This time we get a familiar python `>>>` prompt.
This is an interactive pyspark shell where we can easily experiment with pyspark.
Feel free to run the example code in this post here in the pyspark shell, or, if you prefer a notebook, read on and we'll get set up to run pyspark in a jupyter notebook.

### The Spark Session Object

You may have noticed that when we launched that pyspark interactive shell, it told us that something called `SparkSession` was available as `'spark'`.
So basically, what's happening here is that when we launch the pyspark shell, it instantiates an object called `spark` which is an instance of class `pyspark.sql.session.SparkSession`.
The spark session object is going to be our entry point for all kinds of pyspark functionality, i.e., we're going to be saying things like `spark.this` and `spark.that()` to make stuff happen. 

The pyspark interactive shell is kind enough to instantiate one of these spark session objects for us automatically.
However, when we're using another interface to pyspark (like say a jupyter notebook running a python kernal), we'll have to make a spark session object for ourselves.
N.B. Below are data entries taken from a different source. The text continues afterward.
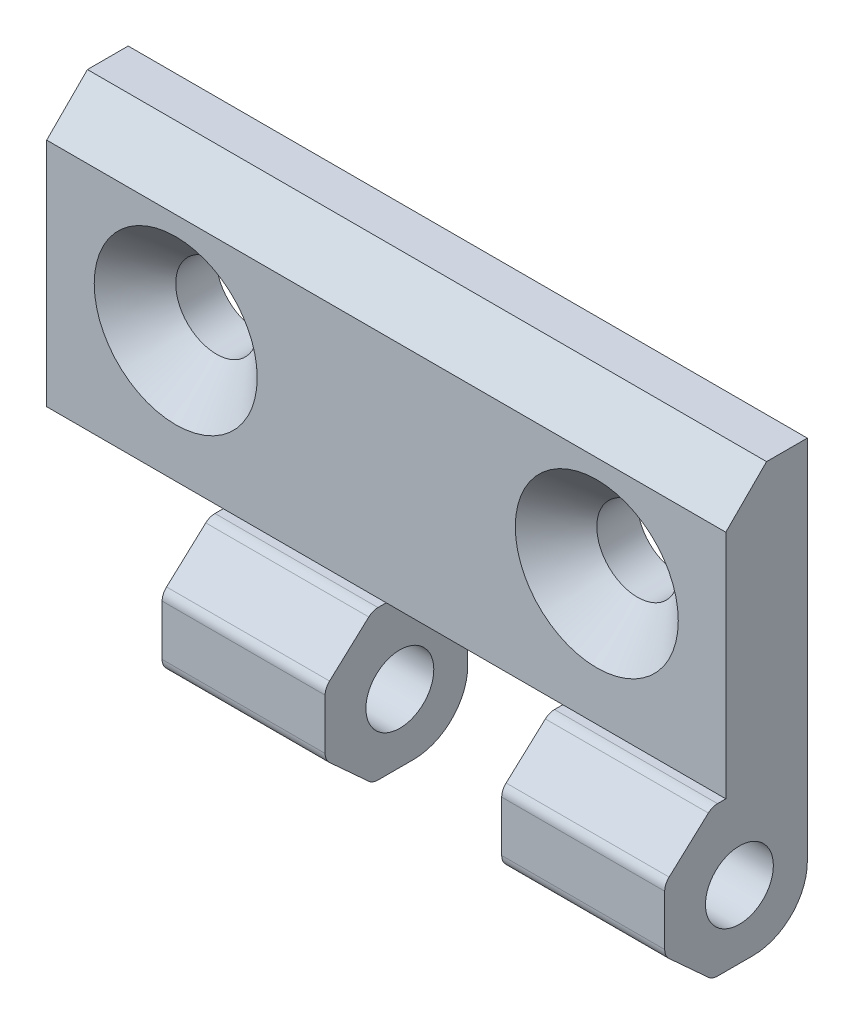
SolidWorks part; units mm, degrees
ref_plane "Front Plane" through (0, 0, 0) normal (1, 0, 0) x (0, 1, 0)
ref_plane "Top Plane" through (0, 0, 0) normal (0, 0, 1) x (0, 1, 0)
ref_plane "Right Plane" through (0, 0, 0) normal (0, 1, 0) x (-1, 0, 0)
sketch "Sketch1" plane through (0, 0, 0) normal (0, 0, 1) x (0, 1, 0)
  line L1 (-10, -25) -> (10, -25)
  line L2 (-10, -25) -> (-10, 25)
  line L3 (-10, 25) -> (10, 25)
  line L4 (10, -25) -> (10, 25)
  line L5 (-10, -25) -> (10, 25) construction
  line L6 (-10, 25) -> (10, -25) construction
  point P0 (0, 0)
  dimension "D1" = 50
  dimension "D2" = 20
extrude "Boss-Extrude1" add sketch "Sketch1" along normal blind 6
sketch "Sketch2" plane through (25, 0, 0) normal (1, 0, 0) x (0, 1, 0)
  line L0 (-10, 0) -> (-17, 0)
  line L1 (-21, 4) -> (-21, 6.6118)
  line L2 (-17.3593, 10.5) -> (-13.6407, 10.5)
  line L3 (-10, 6.6118) -> (-10, 6)
  line L4 (-10, 6) -> (10, 6) construction
  line L5 (10, 6) -> (10, 0) construction
  line L6 (-10.262, 7.2865) -> (-12.9026, 10.1748)
  line L8 (-20.738, 7.2865) -> (-18.0974, 10.1748)
  line L9 (-10, 6) -> (-10, 0)
  line L11 (-10, 0) -> (10, 0) construction
  arc A0 (-21, 4) -> (-17, 0) centre (-17, 4) ccw
  circle A1 centre (-16, 5) radius 2.5
  arc A2 (-10.262, 7.2865) -> (-10, 6.6118) centre (-11, 6.6118) cw
  arc A3 (-20.738, 7.2865) -> (-21, 6.6118) centre (-20, 6.6118) ccw
  arc A4 (-12.9026, 10.1748) -> (-13.6407, 10.5) centre (-13.6407, 9.5) ccw
  arc A5 (-18.0974, 10.1748) -> (-17.3593, 10.5) centre (-17.3593, 9.5) cw
  point P6 (-10, 7)
  point P25 (-21, 7)
  point P28 (-13.2, 10.5)
  point P31 (-17.8, 10.5)
  dimension "D3" = 5
  dimension "D5" = 4
  dimension "D7" = 1
  dimension "D1" = 4.5
  dimension "D2" = 31
  dimension "D4" = 3.2
  dimension "D6" = 1
  dimension "D8" = 2.5
  dimension "D9" = 2.5
extrude "Boss-Extrude2" add sketch "Sketch2" against normal blind 12 separate body
pattern_linear "LPattern1" count 2 spacing 25 along (-1, 0, 0) of "Boss-Extrude2"
combine bodies "Combine1" operation type add bodies to combine 102 103 101
sketch "Sketch3" plane through (0, 0, 6) normal (0, 0, 1) x (1, 0, 0)
  line L0 (25, -10) -> (25, 10) construction
  line L1 (25, 10) -> (-25, 10) construction
  line L2 (0, 10) -> (0, -2.5535) construction
  circle A0 centre (15.5, -0.4) radius 3
  circle A1 centre (-15.5, -0.4) radius 3
  dimension "D1" = 6
  dimension "D2" = 9.5
  dimension "D3" = 10.4
extrude "Cut-Extrude1" cut sketch "Sketch3" against normal through all
chamfer "Chamfer1" distance 3 angle 45 2 edges at (-18.5, -0.4, 6) (18.5, -0.4, 6)
chamfer "Chamfer2" distance 3 angle 45 1 edges at (0, 10, 6)
equation "\"D2@Sketch2\"=11+\"D2@Sketch1\""
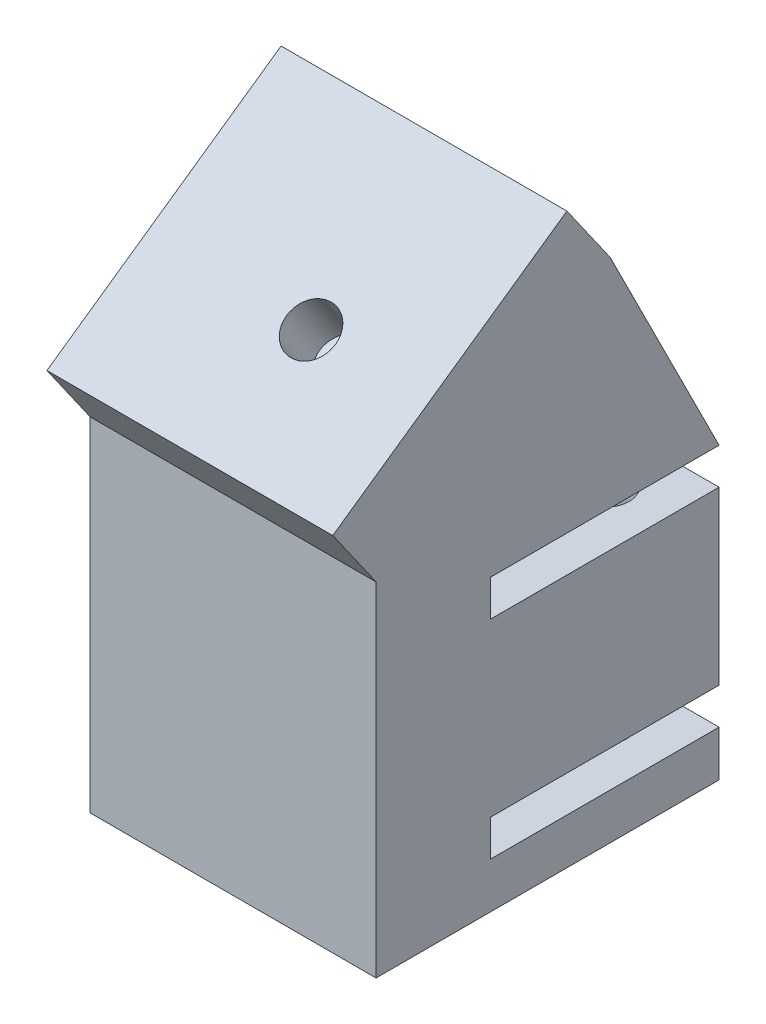
SolidWorks part; units mm, degrees
ref_plane "Front Plane" through (0, 0, 0) normal (0, 0, 1) x (1, 0, 0)
ref_plane "Top Plane" through (0, 0, 0) normal (0, 1, 0) x (1, 0, 0)
ref_plane "Right Plane" through (0, 0, 0) normal (1, 0, 0) x (0, 0, -1)
sketch "Sketch1" plane through (0, 0, 0) normal (1, 0, 0) x (0, 0, -1)
  line L0 (20, 0) -> (0, 0)
  line L1 (20, 0) -> (20, -15)
  line L2 (20, -15) -> (0, -15)
  line L3 (0, -15) -> (0, -18.175)
  line L4 (0, -18.175) -> (20, -18.175)
  line L5 (20, -18.175) -> (20, -22.175)
  line L6 (20, -22.175) -> (-10, -22.175)
  line L7 (-10, -22.175) -> (-10, 7.825)
  line L8 (-10, 7.825) -> (10.4788, 22.1644)
  line L10 (0, 0) -> (0, 3.175)
  line L11 (0, 3.175) -> (20, 3.175)
  line L12 (20, 3.175) -> (10.4788, 22.1644)
  dimension "D1" = 3.175
  dimension "D2" = 15
  dimension "D3" = 4
  dimension "D4" = 20
  dimension "D5" = 30
  dimension "D6" = 25
  dimension "D7" = 125
  dimension "D8" = 30
extrude "Boss-Extrude1" add sketch "Sketch1" along normal blind 25
sketch "Sketch2" plane through (0, 9.9491, 6.9664) normal (0, 0.8192, 0.5736) x (1, 0, 0)
  line L1 (0, 21.2967) -> (21, 21.2967)
  line L2 (0, 21.2967) -> (0, 0.2967)
  line L3 (0, 0.2967) -> (21, 0.2967)
  line L4 (21, 21.2967) -> (21, 0.2967)
  line L5 (0, 21.2967) -> (25, 21.2967)
  line L6 (0, 21.2967) -> (0, -3.7033)
  line L7 (0, -3.7033) -> (25, -3.7033)
  line L8 (25, 21.2967) -> (25, -3.7033)
  line M5 (0, 21.2967) -> (0, -3.7033)
  line M6 (0, -3.7033) -> (25, -3.7033)
  line M7 (25, -3.7033) -> (25, 21.2967)
  line M8 (25, 21.2967) -> (0, 21.2967)
  dimension "D1" = 4
  dimension "D2" = 4
extrude "Boss-Extrude2" add sketch "Sketch2" along normal blind 1.6 contours L4 L3 M8 M5 M6 M7 region at (23, 21.9616, -10.1892)
sketch "Sketch3" plane through (0, 11.2598, 7.8842) normal (0, 0.8192, 0.5736) x (1, 0, 0)
  line L1 (25, -3.7033) -> (0, -3.7033)
  line L2 (25, -3.7033) -> (25, 21.2967)
  line L3 (25, 21.2967) -> (0, 21.2967)
  line L4 (0, -3.7033) -> (0, 21.2967)
extrude "Boss-Extrude3" add sketch "Sketch3" along normal blind 5
sketch "Sketch4" plane through (0, 15.3555, 10.7521) normal (0, 0.8192, 0.5736) x (1, 0, 0)
  line L0 (25, -3.7033) -> (25, 21.2967) construction
  line L1 (0, -3.7033) -> (25, -3.7033) construction
  circle A0 centre (14.5, 6.7967) radius 2.15
  dimension "D1" = 4.3
  dimension "D2" = 10.5
  dimension "D3" = 10.5
extrude "Cut-Extrude1" cut sketch "Sketch4" against normal up to surface (5 mm away) up to face at (10.5, 17.4525, -0.96)
sketch "Sketch5" plane through (0, 15.3555, 10.7521) normal (0, 0.8192, 0.5736) x (1, 0, 0)
  circle A0 centre (14.5, 6.7967) radius 1.85
  dimension "D1" = 3.7
extrude "Cut-Extrude2" cut sketch "Sketch5" against normal blind 13
sketch "Sketch6" plane through (0, -18.175, 0) normal (0, 1, 0) x (1, 0, 0)
  line L0 (0, 20) -> (0, 10.4788) construction
  line L1 (25, 20) -> (0, 20) construction
  line L2 (25, 20) -> (25, 10.4788) construction
  circle A0 centre (5, 15) radius 1.85
  circle A1 centre (20, 15) radius 1.85
  dimension "D1" = 3.7
  dimension "D2" = 3.7
  dimension "D3" = 5
  dimension "D4" = 5
  dimension "D5" = 5
  dimension "D6" = 5
extrude "Cut-Extrude3" cut sketch "Sketch6" against normal blind 13
sketch "Sketch7" plane through (0, -15, 0) normal (0, -1, 0) x (1, 0, 0)
  circle A0 centre (5, -15) radius 2.15
  circle A1 centre (20, -15) radius 2.15
  dimension "D1" = 4.3
extrude "Cut-Extrude4" cut sketch "Sketch7" against normal blind 43
sketch "Sketch8" plane through (0, 0, 0) normal (0, 1, 0) x (1, 0, 0)
  circle A0 centre (5, 15) radius 4
  circle A1 centre (20, 15) radius 4
  dimension "D1" = 8
extrude "Cut-Extrude5" cut sketch "Sketch8" along normal blind 67 from offset 7
equation "\"D2@Sketch6\"=\"D1@Sketch6\""
equation "\"D2@Sketch4\"=\"D3@Sketch4\""
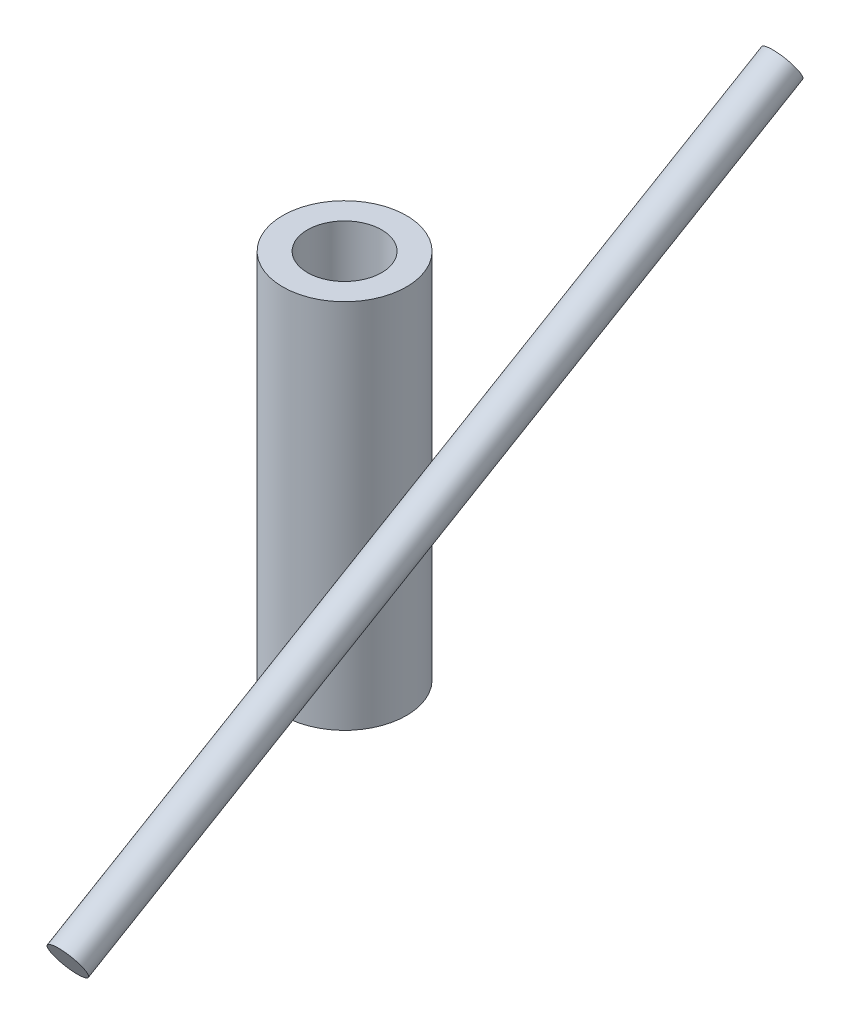
SolidWorks part; units mm, degrees
ref_plane "Спереди" through (0, 0, 0) normal (0, 0, 1) x (1, 0, 0)
ref_plane "Сверху" through (0, 0, 0) normal (0, 1, 0) x (1, 0, 0)
ref_plane "Справа" through (0, 0, 0) normal (1, 0, 0) x (0, 0, -1)
sketch "Эскиз1" plane through (0, 0, 0) normal (0, 1, 0) x (1, 0, 0)
  circle A0 centre (0, 0) radius 5
  circle A1 centre (0, 0) radius 3
  dimension "D1" = 6
  dimension "D2" = 10
extrude "Бобышка-Вытянуть1" add sketch "Эскиз1" along normal blind 15 and the other way blind 15
ref_plane "Плоскость1" through (5, 0, 0) normal (1, 0, 0) x (0, 0, -1)
sketch "Эскиз2" plane through (5, 0, 0) normal (1, 0, 0) x (0, 0, -1)
  line L0 (-28.8661, -17) -> (28.8661, 17)
  line L1 (5, 15) -> (-5, 15) construction
  point P4 (0, 0)
  dimension "D1" = 67
  dimension "D2" = 2
ref_plane "Плоскость2" through (5, -17, 28.8661) normal (0, 0.5075, -0.8617) x (-1, 0, 0)
sketch "Эскиз3" plane through (5, -17, 28.8661) normal (0, 0.5075, -0.8617) x (-1, 0, 0)
  circle A0 centre (-1.5, 0) radius 1.5
  dimension "D1" = 3
sweep "По траектории1" add profiles "Эскиз3" path "Эскиз2"
sketch "Эскиз4" plane through (0, 0, 0) normal (1, 0, 0) x (0, 0, -1)
  circle A0 centre (0, 0) radius 2
  dimension "D1" = 4
extrude "Вырез-Вытянуть1" cut sketch "Эскиз4" against normal blind 15

### Create a PySpark Session in a Jupyter Notebook

There are a few ways to run pyspark in jupyter which you can read about [here](https://www.datacamp.com/community/tutorials/apache-spark-python).

For derping around with pyspark on your laptop, I think the best way is to instantiate a spark session from a  jupyter notebook running on a regular python kernal. 
The method we'll use involves running a standard jupyter notebook session with a python kernal and using the findspark package to initialize the spark session.
So, first install the findspark package.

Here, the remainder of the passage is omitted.